ULTRA HIGH FLAMENCO (UHF). PREMIERE OF
‘UHF’ IN MADRID
Something’s moving
S.C. Madrid, November 28th, 2007
‘Ultra High Flamenco
(UHF)’. José Quevedo ‘Bolita’:
flamenco guitar. Alexis Lefèvre: violin. Pablo
Martín: contrabass. Ángel Sánchez
‘Cepillo’: percussion. Paquito González:
percussion. Sala Galileo-Galilei. Madrid, November 28th,
2007. 9:30 p.m.

UHF at Sala Galileo Galilei
de Madrid (Photo Daniel Muñoz)
After developing the project live, the
band Ultra High Flamenco presents its first album. And
it does so at one of the key venues on the Madrid music
scene for over two decades now, Sala Galileo Galilei.
The context gives you an idea of the group’s attitude.
The common denominator is flamenco, but tangentially.

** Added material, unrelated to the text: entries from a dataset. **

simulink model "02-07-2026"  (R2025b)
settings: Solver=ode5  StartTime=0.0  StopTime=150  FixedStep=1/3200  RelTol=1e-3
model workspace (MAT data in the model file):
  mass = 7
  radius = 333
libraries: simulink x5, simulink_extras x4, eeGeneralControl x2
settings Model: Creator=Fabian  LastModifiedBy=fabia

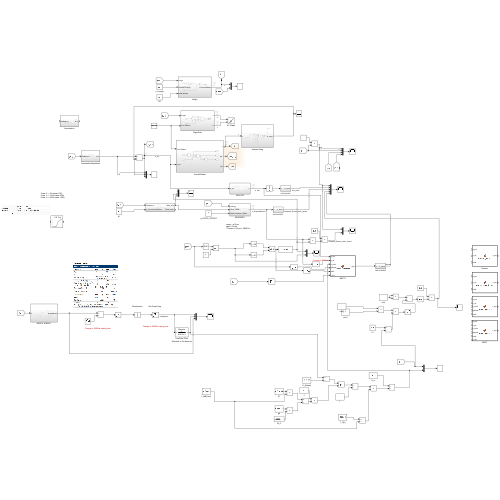
[thumbnail: Simulink's stored preview of the top-level diagram]
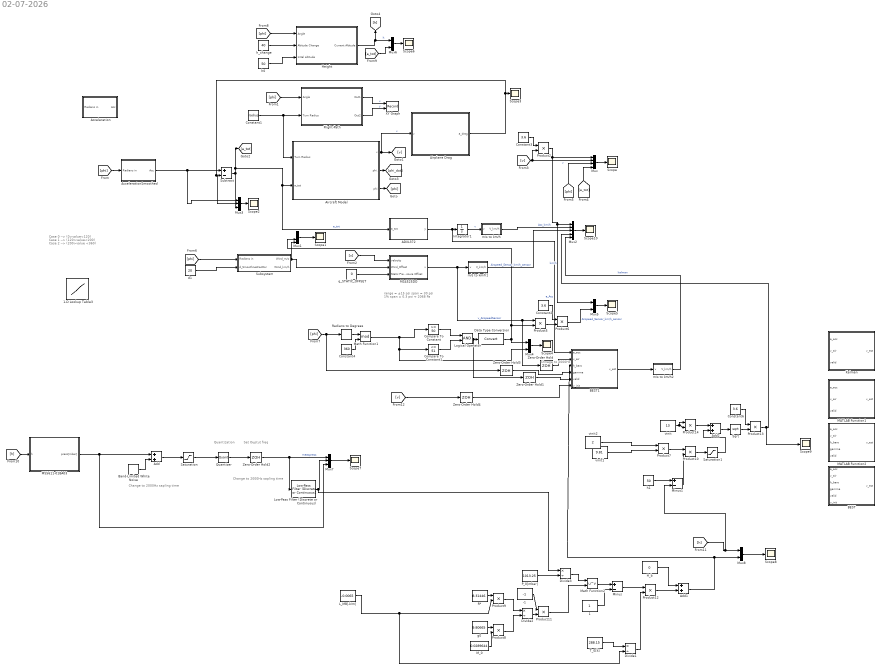
== system 02-07-2026 ==
  note: Change to 2000Hz sapling time
  note: Chnage to 2000Hz
  note: range = ±15 psi
      | span = 30 psi
      | 1% span = 0.3 psi ≈ 2068 Pa
  note: Case 0 --> (0>value<120)
      | Case 1 --> (120>value<200)
      | Case 2 --> (200>value <360)
  note: Set Ouptut freq
  note: Quantization
  note: Change to 2000Hz sapling time
  -1 : Constant  Value=-1
  1 : Constant
  1-D Lookup Table3 : Lookup_n-D  NumberOfTableDimensions=1  BreakpointsForDimension1=[0 110 130 190 210 360]  Table=[30 20 30 60 90 120]  InternalRulePriority=Speed  RndMeth=Simplest
  ADXL372 : Subsystem
  Acceleration : Subsystem
  AccelerationSmoothed : Subsystem
  Add : Sum
  Add1 : Sum
  Add2 : Sum
  Aircraft Model : Subsystem
  Airplane Drag : Subsystem
  BEST : MATLAB Function  TreatAsAtomicUnit=on
  BEST1 : MATLAB Function  TreatAsAtomicUnit=on
  Band-Limited White Noise : simulink/Sources/Band-Limited White Noise  Cov=(0.065)^2 * (1/2000)  Ts=1/3200  seed=[23341]
  Compare To Constant : simulink/Logic and Bit Operations/Compare To Constant  relop=>=  const=50  OutDataTypeStr=boolean
  Compare To Constant1 : simulink/Logic and Bit Operations/Compare To Constant  relop=<=  const=51  OutDataTypeStr=boolean
  Constant1 : Constant  Value=radius
  Constant2 : Constant  Value=3.6
  Constant3 : Constant  Value=3.6
  Constant4 : Constant  Value=360
  Constant6 : Constant  Value=3.6
  Data Type Conversion : DataTypeConversion  SaturateOnIntegerOverflow=off  RndMeth=Floor
  Divide1 : Product  Inputs=*/
  Divide2 : Product  Inputs=*/
  Divide3 : Product  Inputs=*/
  Flight-Path : Subsystem
  H_b : Constant  Value=0
  Height : Subsystem
  Integrator1 : Integrator  InitialCondition=13
  Kalman : MATLAB Function  TreatAsAtomicUnit=on
  L_MB[-k/m] : Constant  Value=-0.0065
  Logical Operator : Logic  AllPortsSameDT=off  OutDataTypeStr=fixdt(1,16)
  Low-Pass Filter (Discrete or Continuous) : eeGeneralControl/Low-Pass Filter (Discrete or Continuous)  K=1  T=0.021  B=inf  A=-inf  init_option=Inherited from block input  x0=0  Ts=-1
  MATLAB Function1 : MATLAB Function  TreatAsAtomicUnit=on
  MATLAB Function2 : MATLAB Function  TreatAsAtomicUnit=on
  MS4525DO : Subsystem
  "MS5611-01BA03 " : Subsystem
  M_0 : Constant  Value=0.0289644
  Math Function1 : Math  Operator=mod
  Math Function2 : Math  Operator=pow
  Minus : Sum  Inputs=+-
  Minus1 : Sum  Inputs=+-
  Mux : Mux
  Mux1 : Mux
  Mux2 : Mux  Inputs=5
  Mux3 : Mux  Inputs=3
  Mux{4..6,8} (4 alike) : Mux  Inputs=2
  Mux7 : Mux  Inputs=3
  P_0[mbar] : Constant  Value=1013.25
  Product{2,5..14} (11 alike) : Product
  Quantizer : Quantizer  QuantizationInterval=(1200-10)/(2^24)
  R* : Constant  Value=8.31446
  Radians to Degrees : simulink_extras/Transformations/Radians to Degrees
  Saturation : Saturate  UpperLimit=1200  LowerLimit=10
  Saturation1 : Saturate  UpperLimit=inf  LowerLimit=0.1
  Scope{,1..10} (11 alike) : Scope
      Scope settings: ActiveDisplayYMinimum=-135.5578997044986  ActiveDisplayYMaximum=1137.6664983393619
      Scope1 settings: ActiveDisplayYMinimum=-14.999999155382156  ActiveDisplayYMaximum=134.99999239843945  DataLoggingVariableName=ScopeData2
      Scope10 settings: ActiveDisplayYMinimum=-69.890870936461468  ActiveDisplayYMaximum=1097.0178384281537  DataLoggingVariableName=ScopeData11
      Scope2 settings: ActiveDisplayYMinimum=-39.208466924616559  ActiveDisplayYMaximum=63.33696033694325  DataLoggingVariableName=ScopeData3
      Scope3 settings: ActiveDisplayYMinimum=-3.5843354434410593  ActiveDisplayYMaximum=33.486381490969542  DataLoggingVariableName=ScopeData6
      Scope4 settings: ActiveDisplayYMinimum=-31.576019805247327  ActiveDisplayYMaximum=399.38392905519919  DataLoggingVariableName=ScopeData9
      Scope5 settings: ActiveDisplayYMinimum=189.29544667943134  ActiveDisplayYMaximum=704.92209117020684  DataLoggingVariableName=ScopeData12
      Scope6 settings: ActiveDisplayYMinimum=-31.394100237137991  ActiveDisplayYMaximum=92.400581276019  DataLoggingVariableName=ScopeData13
      Scope7 settings: ActiveDisplayYMinimum=1004.7404966647082  ActiveDisplayYMaximum=1013.7440475042908  DataLoggingVariableName=ScopeData14
      Scope8 settings: ActiveDisplayYMinimum=85.0381751510035  ActiveDisplayYMaximum=91.4462483318631  DataLoggingVariableName=ScopeData15
      Scope9 settings: ActiveDisplayYMinimum=38.767930934422381  ActiveDisplayYMaximum=119.22706265224174  DataLoggingVariableName=ScopeData16
  Sqrt : Sqrt
  Subsystem : Subsystem
  Subtract : Sum  Inputs=+-
  T_0[k] : Constant  Value=288.15
  XY Graph : Record  NumPorts=2.0  FileSettingsInternal="{\"entries\":[{\"content\":{\"excelSettings\":{\"content\":{},\"type\":\"Streamout.ExcelSettings\"},\"parquetSettings\":{\"content\":{},\"type\":\"Streamout.ParquetSettings\"}},\"type\":\"Streamout.FileSettingStorage\",\"uuid\":\"\"}],\"packageUris\":[\"http:\\/\\/schema.mathworks.com\\/mf0\\/streamout_blocks\\/R2020a\"],\"version\":\"1.0\"}"  FrameSettings=[0, 0]  Layout=[1 1]  SignalsInternal="{\"entries\":[{\"content\":{\"signals\":[{\"content\":{\"blockPath\":[],\"dimensions\":[1],\"domain\":\"\",\"lineColor\":\"#a2142f\",\"plots\":[ 1 ],\"port\":1,\"sid\":[\"\"],\"signalID\":1,\"signalName\":\"x\"},\"type\":\"RecordBlkView.Signal\",\"uuid\":\"\"},{\"content\":{\"blockPath\":[],\"dimensions\":[1],\"domain\":\"\",\"lineColor\":\"#139fff\",\"plots\":[ 1 ],\"port\":2,\"sid\":[\"\"],\"signalID\":2,\"signalName\":\"y\"},\"type\":\"RecordBlkView.Signal\",\"uuid\":\"\"}]},\"type\":\"RecordBlkView.InputSignals\",\"uuid\":\"\"}],\"packageUris\":[\"http:\\/\\/schema.mathworks.com\\/mf0\\/streamout_blocks\\/R2020a\"],\"version\":\"1.0\"}"  VisualizationBindings="{\"xyplotplugin\":{\"info\":[{\"series\":[{\"bindingParametersList\":[{\"parameter\":\"X-Axis\",\"signalID\":1,\"signalName\":\"x\"},{\"parameter\":\"Y-Axis\",\"signalID\":2,\"signalName\":\"y\"}],\"seriesID\":0}],\"subplotID\":1}]}}"  CompatibilityTag=XY
  Zero-Order Hold{,1..4} (5 alike) : ZeroOrderHold  SampleTime=1/3200
  d1 : Constant  Value=20
  g0 : Constant  Value=9.80665
  h0 : Constant  Value=50
  h1 : Constant  Value=50
  h_change : Constant  Value=40
  m/s to km/h : Subsystem
  m/s to km/h1 : Subsystem
  m/s to km/h2 : Subsystem
  q_STATIC_OFFSET : Constant  Value=0
  vinit : Constant  Value=13
  vinit1 : Constant  Value=9.81
  vinit2 : Constant  Value=2
  wires:
  Subtract/1 -> [a_tot], ADXL372/1(a_tot), Aircraft Model/2(a_tot), Mux3/3  "a_tot"
  Constant1/1 -> Flight-Path/2(Turn Radius), Aircraft Model/1(Turn Radius)
  Product2/1 -> Mux2/1, Mux5/1, Mux/1  "km/h"
  Mux2/1 -> Scope10/1
  ADXL372/1(y) -> BEST1/1(a_acc), Integrator1/1  "a_Acc"
  [phi] -> AccelerationSmoothed/1(Radians in)
  m/s to km/h1/1(V_km/h) -> Mux2/3  "Airspeed_Sensor_km/h_sensor"
  [v] -> MS4525DO/1(velocity)
  q_STATIC_OFFSET/1 -> MS4525DO/3(Static Pressure Offset)
  MS4525DO/1(v) -> m/s to km/h1/1(v), Zero-Order Hold/1, Product5/1  "v_AirspeedSensor"
  [phi] -> Flight-Path/1(Angle)
  Flight-Path/1(Out1) -> XY Graph/1  "x"
  Flight-Path/2(Out2) -> XY Graph/2  "y"
  [v] -> Product2/2, Mux/2  "v"
  [a_tot] -> Mux/4
  [phi] -> Mux/3
  Aircraft Model/1(v) -> Airplane Drag/1(v), [v]  "v"
  Aircraft Model/2(phi.) -> [phi_dot]
  Aircraft Model/3(phi) -> [phi]
  Constant3/1 -> Product2/1
  Mux/1 -> Scope/1
  Mux1/1 -> Scope1/1
  Mux3/1 -> Scope2/1
  [phi] -> Subsystem/1(Radians in)
  d1/1 -> Subsystem/2(d_SmoothnesFacttor)
  Subsystem/1(Wind_m/s) -> Mux1/4, MS4525DO/2(Wind_Offset)
  AccelerationSmoothed/1(Acc) -> Mux3/1, Subtract/1
  [phi] -> Zero-Order Hold3/1, Radians to Degrees/1
  Radians to Degrees/1 -> Math Function1/1
  Constant4/1 -> Math Function1/2
  Math Function1/1 -> Compare To Constant/1, Compare To Constant1/1, Mux4/2
  Compare To Constant/1 -> Logical Operator/1
  Compare To Constant1/1 -> Logical Operator/2
  Logical Operator/1 -> Zero-Order Hold1/1, Data Type Conversion/1
  Mux4/1 -> Scope4/1
  Data Type Conversion/1 -> Mux1/3, Product5/2, Mux4/1
  Mux5/1 -> Scope5/1
  Constant2/1 -> Product6/1
  Product5/1 -> Product6/2
  Product6/1 -> Mux5/2  "Airspeed_Sensor_km/h_sensor"
  Zero-Order Hold/1 -> BEST1/2(v_air)
  Zero-Order Hold1/1 -> BEST1/5(valid)
  h0/1 -> Height/3(Inital altitude)
  h_change/1 -> Height/2(Altitude Change)
  [phi] -> Height/1(Angle)
  Mux6/1 -> Scope6/1
  Height/1(Current Altitude) -> [h], Mux6/1  "h"
  [a_tot] -> Mux6/2
  "MS5611-01BA03 "/1(press[mbar]) -> Add/1, Mux7/3
  [h] -> "MS5611-01BA03 "/1(h)
  Band-Limited White Noise/1 -> Add/2
  Quantizer/1 -> Zero-Order Hold2/1
  Saturation/1 -> Quantizer/1
  Add/1 -> Saturation/1
  Zero-Order Hold2/1 -> Low-Pass Filter (Discrete or Continuous)/1, Mux7/1  "measpress"
  g0/1 -> Product8/1
  M_0/1 -> Product8/2
  L_MB[-k/m]/1 -> Divide1/2, Product9/2
  R*/1 -> Product9/1
  Mux8/1 -> Scope8/1
  [h] -> Minus1/2, Mux8/1
  Mux7/1 -> Scope7/1
  Product9/1 -> Divide2/1
  Product8/1 -> Divide2/2
  Divide2/1 -> Product11/2
  -1/1 -> Product11/1
  Product11/1 -> Math Function2/2
  Divide3/1 -> Math Function2/1
  P_0[mbar]/1 -> Divide3/2
  1/1 -> Minus/2
  Math Function2/1 -> Minus/1
  Minus/1 -> Product12/1
  T_0[k]/1 -> Divide1/1
  Divide1/1 -> Product12/2
  Product12/1 -> Add1/2
  H_b/1 -> Add1/1
  Add1/1 -> BEST1/3(h_baro), Mux8/2
  Low-Pass Filter (Discrete or Continuous)/1 -> Divide3/1, Mux7/2
  Zero-Order Hold3/1 -> BEST1/4(gamma)
  [v] -> Zero-Order Hold4/1
  Zero-Order Hold4/1 -> BEST1/6(v_init)
  vinit1/1 -> Product7/2
  vinit2/1 -> Product7/1
  h1/1 -> Minus1/1
  Product7/1 -> Product10/1
  Minus1/1 -> Product10/2
  Add2/1 -> Sqrt/1
  m/s to km/h2/1(V_km/h) -> Mux2/5  "kalman"
  Sqrt/1 -> Product13/2
  Constant6/1 -> Product13/1
  Product13/1 -> Scope9/1, Mux2/4
  vinit/1 -> Product14/1, Product14/2
  Product14/1 -> Add2/1
  Saturation1/1 -> Add2/2
  Product10/1 -> Saturation1/1
  Airplane Drag/1(a_drag) -> Mux3/2, Subtract/2, Scope3/1
  Integrator1/1 -> m/s to km/h/1(v)  "v"
  m/s to km/h/1(V_km/h) -> Mux2/2  "Acc_km/h"
  BEST1/1(v_est) -> m/s to km/h2/1(v)

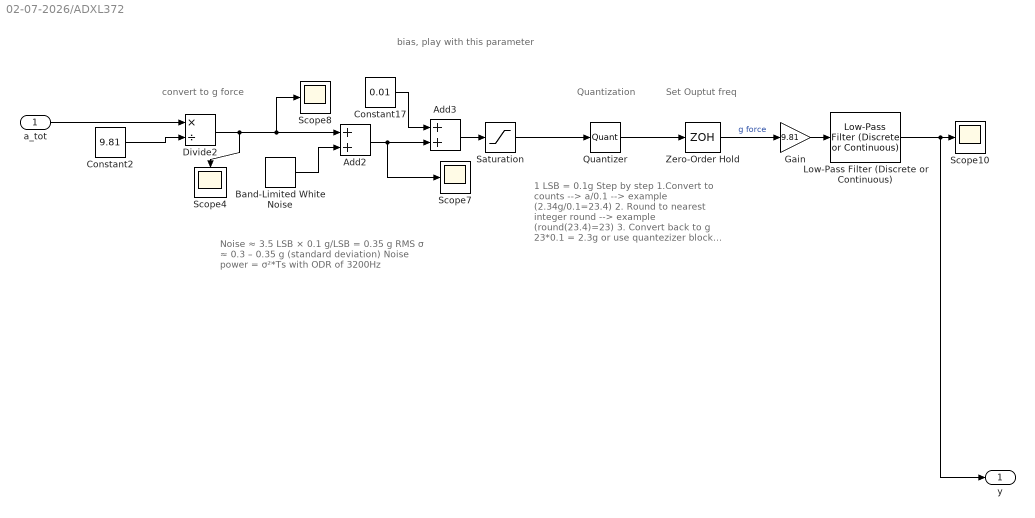
== system 02-07-2026/ADXL372 ==
  note: convert to g force
  note: Noise ≈ 3.5 LSB × 0.1 g/LSB = 0.35 g RMS
      | σ ≈ 0.3 – 0.35 g (standard deviation)
      | Noise power = σ²*Ts
      | with ODR of 3200Hz
  note: bias, play with this parameter
  note: Quantization
  note: 1 LSB = 0.1g
      | Step by step
      |
      | 1.Convert to counts
      | --> a/0.1 --> example (2.34g/0.1=23.4)
      | 2. Round to nearest integer
      | round --> example (round(23.4)=23)
      | 3. Convert back to g
      | 23*0.1 = 2.3g
      |
      | or use quantezizer block with 0.1
  note: Set Ouptut freq
  a_tot : Inport
  Add2 : Sum
  Add3 : Sum
  Band-Limited White Noise : simulink/Sources/Band-Limited White Noise  Cov=((0.35)^2)*(1/3200)  Ts=1/3200  seed=[23341]
  Constant17 : Constant  Value=0.01
  Constant2 : Constant  Value=9.81
  Divide2 : Product  Inputs=*/
  Gain : Gain  Gain=9.81
  Low-Pass Filter (Discrete or Continuous) : eeGeneralControl/Low-Pass Filter (Discrete or Continuous)  K=1  T=1/(2*pi*10)  B=inf  A=-inf  init_option=Inherited from block input  x0=0  Ts=1/3200
  Quantizer : Quantizer  QuantizationInterval=0.1
  Saturation : Saturate  UpperLimit=200  LowerLimit=-200
  Scope{4,7..8,10} (4 alike) : Scope
      Scope10 settings: ActiveDisplayYMinimum=-5.375623541068566  ActiveDisplayYMaximum=9.3751831580889746  DataLoggingVariableName=ScopeData10
      Scope4 settings: ActiveDisplayYMinimum=-8.7987661112898756  ActiveDisplayYMaximum=16.470735842466532  DataLoggingVariableName=ScopeData4
      Scope7 settings: ActiveDisplayYMinimum=-2.1194574766866134  ActiveDisplayYMaximum=2.6082539117818122  DataLoggingVariableName=ScopeData7
      Scope8 settings: ActiveDisplayYMinimum=-0.3058103975535168  ActiveDisplayYMaximum=0.71355759429153931  DataLoggingVariableName=ScopeData8
  Zero-Order Hold : ZeroOrderHold  SampleTime=1/3200
  y : Outport
  wires:
  Constant2/1 -> Divide2/2
  Add3/1 -> Saturation/1
  Saturation/1 -> Quantizer/1
  Divide2/1 -> Add2/1, Scope8/1, Scope4/1
  Gain/1 -> Low-Pass Filter (Discrete or Continuous)/1
  Add2/1 -> Scope7/1, Add3/2
  Constant17/1 -> Add3/1
  Band-Limited White Noise/1 -> Add2/2
  Quantizer/1 -> Zero-Order Hold/1
  Zero-Order Hold/1 -> Gain/1  "g force"
  Low-Pass Filter (Discrete or Continuous)/1 -> y/1, Scope10/1
  a_tot/1 -> Divide2/1

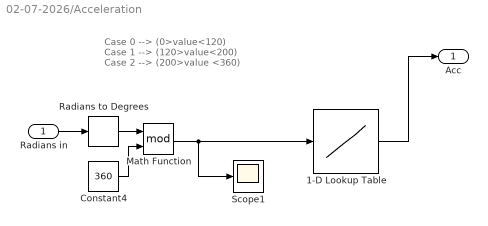
== system 02-07-2026/Acceleration ==
  note: Case 0 --> (0>value<120)
      | Case 1 --> (120>value<200)
      | Case 2 --> (200>value <360)
  Radians in : Inport
  1-D Lookup Table : Lookup_n-D  NumberOfTableDimensions=1  BreakpointsForDimension1=[0 120 130 190 210 360]  Table=[-3 -3 6 6 4 4]  InterpMethod=Linear Lagrange  InternalRulePriority=Speed  RndMeth=Simplest
  Constant4 : Constant  Value=360
  Math Function : Math  Operator=mod
  Radians to Degrees : simulink_extras/Transformations/Radians to Degrees
  Scope1 : Scope
      settings: ActiveDisplayYMinimum=2.9529948597935629  ActiveDisplayYMaximum=755.41634315848091
  Acc : Outport
  wires:
  Radians to Degrees/1 -> Math Function/1
  Constant4/1 -> Math Function/2
  Math Function/1 -> Scope1/1, 1-D Lookup Table/1
  Radians in/1 -> Radians to Degrees/1
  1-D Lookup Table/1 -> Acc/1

It’s the music which has gotten them in contact,
all of them being accompanists of toque and cante figures
such as Gerardo Núñez and Marina Heredia.
But that neither determines them nor ties them down. It
might be the grounding, due to the rhythmics, the toque
and the cantaor streaks of the violin.
The proposal appears open and relaxed,
on a base one hundred percent instrumental, following
the footsteps of Trío de Pardo, Benavent and Di
Geraldo or of Son de la Frontera, but from another viewpoint.
Guitar, contrabass, violin and percussions meet halfway
between all of them, depending on their own lightly-sketched
scores.
Pablo Martín, bassist
(Photo Daniel Muñoz)
Although the layout of the concert hindered
the creation of an ambience and the possibility of following
its course, interrupted by persistent words of gratitude,
private jokes and a showing of “the making of”
the recording. Even so, it was above all the solos which
the audience focused their attention on, especially that
of the Mediterranean violin by Alexis
Lefèvre in ‘Alexiada’ and that
of the soleá ‘Taxdirt’ by José
Quevedo. And now then, together they get across enjoyment,
complicity, fluency in communication and a confidence
that flamenco needs... even if it’s on the side.
UHF reflects that something’s moving in the backstages.